EXERCISE: Only these lines of the data below are wanted: the one with "#117=DIRECTION('',(-1.,0.,0.));", the one with "#177=ORIENTED_EDGE('',*,*,#176,.F.);", and any lines between them, each repeated exactly.
◆ ◆ ◆ ◆ ◆ ◆ ◆
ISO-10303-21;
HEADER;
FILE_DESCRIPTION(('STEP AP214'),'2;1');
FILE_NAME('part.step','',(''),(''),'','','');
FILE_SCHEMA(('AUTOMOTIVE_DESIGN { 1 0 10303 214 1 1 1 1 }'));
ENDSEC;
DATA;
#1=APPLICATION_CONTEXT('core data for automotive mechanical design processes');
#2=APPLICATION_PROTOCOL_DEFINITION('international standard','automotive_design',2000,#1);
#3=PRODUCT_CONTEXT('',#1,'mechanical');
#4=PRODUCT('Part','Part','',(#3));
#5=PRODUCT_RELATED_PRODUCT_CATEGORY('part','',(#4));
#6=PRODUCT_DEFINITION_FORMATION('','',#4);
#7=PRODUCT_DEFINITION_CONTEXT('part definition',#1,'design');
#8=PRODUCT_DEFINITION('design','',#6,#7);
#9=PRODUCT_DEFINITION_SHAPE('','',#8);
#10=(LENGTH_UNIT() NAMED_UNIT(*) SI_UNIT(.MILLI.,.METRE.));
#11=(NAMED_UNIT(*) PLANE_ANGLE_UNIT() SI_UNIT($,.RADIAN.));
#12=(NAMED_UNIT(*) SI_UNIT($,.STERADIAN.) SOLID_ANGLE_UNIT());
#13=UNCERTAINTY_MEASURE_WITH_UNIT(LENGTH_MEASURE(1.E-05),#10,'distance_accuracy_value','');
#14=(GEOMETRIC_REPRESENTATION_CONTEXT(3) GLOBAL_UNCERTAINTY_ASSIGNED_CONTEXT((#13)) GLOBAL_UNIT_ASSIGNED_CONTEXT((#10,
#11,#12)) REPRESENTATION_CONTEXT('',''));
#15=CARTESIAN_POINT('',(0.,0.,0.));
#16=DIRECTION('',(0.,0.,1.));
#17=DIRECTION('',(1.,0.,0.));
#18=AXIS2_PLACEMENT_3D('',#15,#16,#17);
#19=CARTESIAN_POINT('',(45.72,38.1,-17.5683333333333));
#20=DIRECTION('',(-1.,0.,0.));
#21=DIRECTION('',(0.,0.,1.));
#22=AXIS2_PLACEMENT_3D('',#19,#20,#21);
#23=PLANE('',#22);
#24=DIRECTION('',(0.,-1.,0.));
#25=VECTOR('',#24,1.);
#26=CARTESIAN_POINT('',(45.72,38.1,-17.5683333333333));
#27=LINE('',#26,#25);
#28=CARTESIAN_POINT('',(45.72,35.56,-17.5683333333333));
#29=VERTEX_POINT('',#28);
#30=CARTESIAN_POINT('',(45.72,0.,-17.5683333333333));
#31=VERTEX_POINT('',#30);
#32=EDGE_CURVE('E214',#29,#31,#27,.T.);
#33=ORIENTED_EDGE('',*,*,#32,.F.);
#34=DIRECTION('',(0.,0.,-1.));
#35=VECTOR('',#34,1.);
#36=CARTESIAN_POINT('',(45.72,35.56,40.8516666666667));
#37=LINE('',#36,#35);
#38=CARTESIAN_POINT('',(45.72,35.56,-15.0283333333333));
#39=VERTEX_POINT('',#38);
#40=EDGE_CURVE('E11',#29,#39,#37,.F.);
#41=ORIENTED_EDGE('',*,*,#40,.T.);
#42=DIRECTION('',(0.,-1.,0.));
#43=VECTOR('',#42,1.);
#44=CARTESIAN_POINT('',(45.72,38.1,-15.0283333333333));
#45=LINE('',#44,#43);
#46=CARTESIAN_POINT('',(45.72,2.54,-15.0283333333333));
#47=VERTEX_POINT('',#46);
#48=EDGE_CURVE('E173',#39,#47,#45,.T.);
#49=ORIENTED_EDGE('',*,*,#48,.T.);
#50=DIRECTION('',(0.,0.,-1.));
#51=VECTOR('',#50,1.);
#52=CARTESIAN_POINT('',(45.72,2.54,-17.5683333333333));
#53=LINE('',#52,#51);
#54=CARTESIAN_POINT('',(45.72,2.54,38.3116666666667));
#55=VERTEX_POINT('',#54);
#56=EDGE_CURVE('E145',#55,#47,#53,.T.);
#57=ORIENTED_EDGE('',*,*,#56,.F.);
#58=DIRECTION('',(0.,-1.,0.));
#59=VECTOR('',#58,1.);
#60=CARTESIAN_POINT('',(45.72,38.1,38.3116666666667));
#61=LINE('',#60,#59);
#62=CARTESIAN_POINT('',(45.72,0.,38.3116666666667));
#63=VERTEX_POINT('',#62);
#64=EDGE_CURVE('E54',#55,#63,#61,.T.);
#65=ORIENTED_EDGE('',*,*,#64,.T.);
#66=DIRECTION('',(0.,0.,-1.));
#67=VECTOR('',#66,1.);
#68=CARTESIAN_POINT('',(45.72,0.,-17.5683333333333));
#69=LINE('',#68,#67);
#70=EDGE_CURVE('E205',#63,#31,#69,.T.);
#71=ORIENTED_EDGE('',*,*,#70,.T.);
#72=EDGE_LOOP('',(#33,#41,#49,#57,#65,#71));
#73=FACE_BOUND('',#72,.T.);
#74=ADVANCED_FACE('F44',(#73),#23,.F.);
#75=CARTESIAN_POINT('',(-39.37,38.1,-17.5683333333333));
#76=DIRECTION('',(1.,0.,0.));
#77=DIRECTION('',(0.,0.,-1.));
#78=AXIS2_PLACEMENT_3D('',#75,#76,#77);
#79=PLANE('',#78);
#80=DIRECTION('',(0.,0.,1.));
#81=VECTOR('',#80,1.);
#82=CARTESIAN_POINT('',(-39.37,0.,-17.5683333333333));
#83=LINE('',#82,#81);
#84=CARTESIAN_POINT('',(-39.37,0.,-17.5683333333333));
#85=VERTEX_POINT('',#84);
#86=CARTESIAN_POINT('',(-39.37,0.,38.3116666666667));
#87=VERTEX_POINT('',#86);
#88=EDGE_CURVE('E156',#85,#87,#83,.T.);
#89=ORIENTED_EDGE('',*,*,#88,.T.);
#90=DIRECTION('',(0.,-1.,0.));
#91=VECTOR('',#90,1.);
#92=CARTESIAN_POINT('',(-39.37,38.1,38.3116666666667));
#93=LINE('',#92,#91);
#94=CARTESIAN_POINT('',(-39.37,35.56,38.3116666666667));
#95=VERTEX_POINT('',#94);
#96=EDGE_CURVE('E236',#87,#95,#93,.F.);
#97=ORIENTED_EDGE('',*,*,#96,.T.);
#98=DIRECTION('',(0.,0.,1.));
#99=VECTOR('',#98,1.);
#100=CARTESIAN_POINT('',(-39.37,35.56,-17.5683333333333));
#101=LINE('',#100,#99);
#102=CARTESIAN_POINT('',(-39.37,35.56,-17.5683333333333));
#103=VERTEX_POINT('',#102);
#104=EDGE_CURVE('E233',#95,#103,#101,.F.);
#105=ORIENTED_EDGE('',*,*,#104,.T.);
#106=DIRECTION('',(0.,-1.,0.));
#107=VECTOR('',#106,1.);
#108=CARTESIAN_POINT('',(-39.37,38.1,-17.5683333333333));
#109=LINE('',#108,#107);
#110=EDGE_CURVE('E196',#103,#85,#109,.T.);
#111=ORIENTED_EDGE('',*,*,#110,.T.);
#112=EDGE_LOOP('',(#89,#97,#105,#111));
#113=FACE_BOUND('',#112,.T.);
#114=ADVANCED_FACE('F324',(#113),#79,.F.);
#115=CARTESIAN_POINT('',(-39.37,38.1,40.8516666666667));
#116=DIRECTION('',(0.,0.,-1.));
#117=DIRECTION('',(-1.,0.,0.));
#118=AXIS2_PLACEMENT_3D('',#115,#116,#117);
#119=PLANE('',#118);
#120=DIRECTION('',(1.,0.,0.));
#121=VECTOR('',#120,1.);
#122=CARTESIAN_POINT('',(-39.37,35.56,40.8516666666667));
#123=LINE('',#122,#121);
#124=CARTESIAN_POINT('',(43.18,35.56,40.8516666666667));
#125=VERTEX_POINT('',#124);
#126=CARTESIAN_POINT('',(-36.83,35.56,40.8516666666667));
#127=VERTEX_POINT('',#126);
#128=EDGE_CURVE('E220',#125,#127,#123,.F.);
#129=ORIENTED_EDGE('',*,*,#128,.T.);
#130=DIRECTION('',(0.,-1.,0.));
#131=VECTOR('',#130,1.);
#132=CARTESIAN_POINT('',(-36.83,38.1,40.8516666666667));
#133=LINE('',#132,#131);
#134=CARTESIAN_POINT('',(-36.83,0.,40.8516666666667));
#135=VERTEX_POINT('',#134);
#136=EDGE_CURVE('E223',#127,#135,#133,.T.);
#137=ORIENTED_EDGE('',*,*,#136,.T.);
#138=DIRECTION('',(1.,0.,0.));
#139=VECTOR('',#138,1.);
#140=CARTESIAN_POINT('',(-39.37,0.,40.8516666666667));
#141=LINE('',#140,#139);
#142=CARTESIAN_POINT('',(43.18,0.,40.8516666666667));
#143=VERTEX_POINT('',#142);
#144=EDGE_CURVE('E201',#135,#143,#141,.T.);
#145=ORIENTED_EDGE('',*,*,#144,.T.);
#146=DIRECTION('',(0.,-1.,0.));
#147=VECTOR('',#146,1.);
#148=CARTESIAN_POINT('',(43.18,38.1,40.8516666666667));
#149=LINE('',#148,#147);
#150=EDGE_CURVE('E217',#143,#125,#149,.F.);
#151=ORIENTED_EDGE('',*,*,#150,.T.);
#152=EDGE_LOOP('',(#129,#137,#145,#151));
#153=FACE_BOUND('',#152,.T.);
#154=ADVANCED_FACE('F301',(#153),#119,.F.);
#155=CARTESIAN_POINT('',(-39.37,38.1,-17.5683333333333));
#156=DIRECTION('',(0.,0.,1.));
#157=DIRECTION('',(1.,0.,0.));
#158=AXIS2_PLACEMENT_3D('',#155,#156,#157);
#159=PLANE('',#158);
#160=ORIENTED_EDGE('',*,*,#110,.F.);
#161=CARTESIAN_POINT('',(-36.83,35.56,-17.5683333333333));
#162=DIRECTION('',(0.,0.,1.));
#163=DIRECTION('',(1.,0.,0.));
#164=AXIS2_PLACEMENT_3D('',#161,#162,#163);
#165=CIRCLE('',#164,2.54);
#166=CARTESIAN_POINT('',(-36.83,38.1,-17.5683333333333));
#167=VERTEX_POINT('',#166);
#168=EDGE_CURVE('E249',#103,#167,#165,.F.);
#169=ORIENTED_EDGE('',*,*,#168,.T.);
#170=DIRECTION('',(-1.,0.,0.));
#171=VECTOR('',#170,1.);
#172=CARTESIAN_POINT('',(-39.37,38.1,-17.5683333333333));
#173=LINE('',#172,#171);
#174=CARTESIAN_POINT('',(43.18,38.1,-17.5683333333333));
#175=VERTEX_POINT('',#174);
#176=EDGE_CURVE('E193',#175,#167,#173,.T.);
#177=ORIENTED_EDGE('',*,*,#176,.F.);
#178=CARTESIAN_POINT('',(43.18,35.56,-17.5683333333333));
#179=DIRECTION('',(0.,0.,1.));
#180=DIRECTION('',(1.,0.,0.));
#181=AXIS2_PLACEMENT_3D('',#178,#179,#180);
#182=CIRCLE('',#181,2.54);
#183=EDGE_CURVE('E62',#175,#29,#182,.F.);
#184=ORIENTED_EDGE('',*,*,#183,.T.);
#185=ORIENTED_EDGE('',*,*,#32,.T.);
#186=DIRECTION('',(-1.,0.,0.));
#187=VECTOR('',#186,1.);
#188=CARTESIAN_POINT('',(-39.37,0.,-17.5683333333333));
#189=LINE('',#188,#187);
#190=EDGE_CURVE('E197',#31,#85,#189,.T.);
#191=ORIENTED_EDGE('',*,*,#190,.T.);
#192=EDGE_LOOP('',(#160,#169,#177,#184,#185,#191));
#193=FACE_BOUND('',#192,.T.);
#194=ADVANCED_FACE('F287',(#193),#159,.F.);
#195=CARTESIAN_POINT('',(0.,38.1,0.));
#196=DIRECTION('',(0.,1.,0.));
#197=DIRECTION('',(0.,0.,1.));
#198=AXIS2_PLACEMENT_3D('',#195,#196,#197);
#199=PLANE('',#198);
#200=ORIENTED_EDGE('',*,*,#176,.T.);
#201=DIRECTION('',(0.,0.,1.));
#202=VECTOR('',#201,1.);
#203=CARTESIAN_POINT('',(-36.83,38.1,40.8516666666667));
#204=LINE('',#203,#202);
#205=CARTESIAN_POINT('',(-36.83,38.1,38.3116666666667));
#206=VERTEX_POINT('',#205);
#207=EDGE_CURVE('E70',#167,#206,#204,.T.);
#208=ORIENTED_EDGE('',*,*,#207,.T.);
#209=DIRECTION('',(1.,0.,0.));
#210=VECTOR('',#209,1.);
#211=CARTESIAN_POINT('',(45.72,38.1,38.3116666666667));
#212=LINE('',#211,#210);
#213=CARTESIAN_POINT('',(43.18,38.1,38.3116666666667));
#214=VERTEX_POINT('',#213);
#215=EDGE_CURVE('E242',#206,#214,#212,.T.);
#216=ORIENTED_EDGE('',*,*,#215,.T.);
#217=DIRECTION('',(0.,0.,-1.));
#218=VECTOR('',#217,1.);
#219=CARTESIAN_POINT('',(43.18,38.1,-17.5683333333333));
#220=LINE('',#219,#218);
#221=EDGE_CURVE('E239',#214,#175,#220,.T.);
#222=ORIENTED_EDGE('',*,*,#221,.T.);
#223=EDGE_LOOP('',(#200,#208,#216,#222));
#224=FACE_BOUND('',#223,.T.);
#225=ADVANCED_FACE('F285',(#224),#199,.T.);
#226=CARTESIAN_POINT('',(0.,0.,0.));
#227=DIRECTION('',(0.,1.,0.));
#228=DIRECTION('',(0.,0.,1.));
◆ ◆ ◆ ◆ ◆ ◆ ◆
THE COMPLETED TASK:
#117=DIRECTION('',(-1.,0.,0.));
#118=AXIS2_PLACEMENT_3D('',#115,#116,#117);
#119=PLANE('',#118);
#120=DIRECTION('',(1.,0.,0.));
#121=VECTOR('',#120,1.);
#122=CARTESIAN_POINT('',(-39.37,35.56,40.8516666666667));
#123=LINE('',#122,#121);
#124=CARTESIAN_POINT('',(43.18,35.56,40.8516666666667));
#125=VERTEX_POINT('',#124);
#126=CARTESIAN_POINT('',(-36.83,35.56,40.8516666666667));
#127=VERTEX_POINT('',#126);
#128=EDGE_CURVE('E220',#125,#127,#123,.F.);
#129=ORIENTED_EDGE('',*,*,#128,.T.);
#130=DIRECTION('',(0.,-1.,0.));
#131=VECTOR('',#130,1.);
#132=CARTESIAN_POINT('',(-36.83,38.1,40.8516666666667));
#133=LINE('',#132,#131);
#134=CARTESIAN_POINT('',(-36.83,0.,40.8516666666667));
#135=VERTEX_POINT('',#134);
#136=EDGE_CURVE('E223',#127,#135,#133,.T.);
#137=ORIENTED_EDGE('',*,*,#136,.T.);
#138=DIRECTION('',(1.,0.,0.));
#139=VECTOR('',#138,1.);
#140=CARTESIAN_POINT('',(-39.37,0.,40.8516666666667));
#141=LINE('',#140,#139);
#142=CARTESIAN_POINT('',(43.18,0.,40.8516666666667));
#143=VERTEX_POINT('',#142);
#144=EDGE_CURVE('E201',#135,#143,#141,.T.);
#145=ORIENTED_EDGE('',*,*,#144,.T.);
#146=DIRECTION('',(0.,-1.,0.));
#147=VECTOR('',#146,1.);
#148=CARTESIAN_POINT('',(43.18,38.1,40.8516666666667));
#149=LINE('',#148,#147);
#150=EDGE_CURVE('E217',#143,#125,#149,.F.);
#151=ORIENTED_EDGE('',*,*,#150,.T.);
#152=EDGE_LOOP('',(#129,#137,#145,#151));
#153=FACE_BOUND('',#152,.T.);
#154=ADVANCED_FACE('F301',(#153),#119,.F.);
#155=CARTESIAN_POINT('',(-39.37,38.1,-17.5683333333333));
#156=DIRECTION('',(0.,0.,1.));
#157=DIRECTION('',(1.,0.,0.));
#158=AXIS2_PLACEMENT_3D('',#155,#156,#157);
#159=PLANE('',#158);
#160=ORIENTED_EDGE('',*,*,#110,.F.);
#161=CARTESIAN_POINT('',(-36.83,35.56,-17.5683333333333));
#162=DIRECTION('',(0.,0.,1.));
#163=DIRECTION('',(1.,0.,0.));
#164=AXIS2_PLACEMENT_3D('',#161,#162,#163);
#165=CIRCLE('',#164,2.54);
#166=CARTESIAN_POINT('',(-36.83,38.1,-17.5683333333333));
#167=VERTEX_POINT('',#166);
#168=EDGE_CURVE('E249',#103,#167,#165,.F.);
#169=ORIENTED_EDGE('',*,*,#168,.T.);
#170=DIRECTION('',(-1.,0.,0.));
#171=VECTOR('',#170,1.);
#172=CARTESIAN_POINT('',(-39.37,38.1,-17.5683333333333));
#173=LINE('',#172,#171);
#174=CARTESIAN_POINT('',(43.18,38.1,-17.5683333333333));
#175=VERTEX_POINT('',#174);
#176=EDGE_CURVE('E193',#175,#167,#173,.T.);
#177=ORIENTED_EDGE('',*,*,#176,.F.);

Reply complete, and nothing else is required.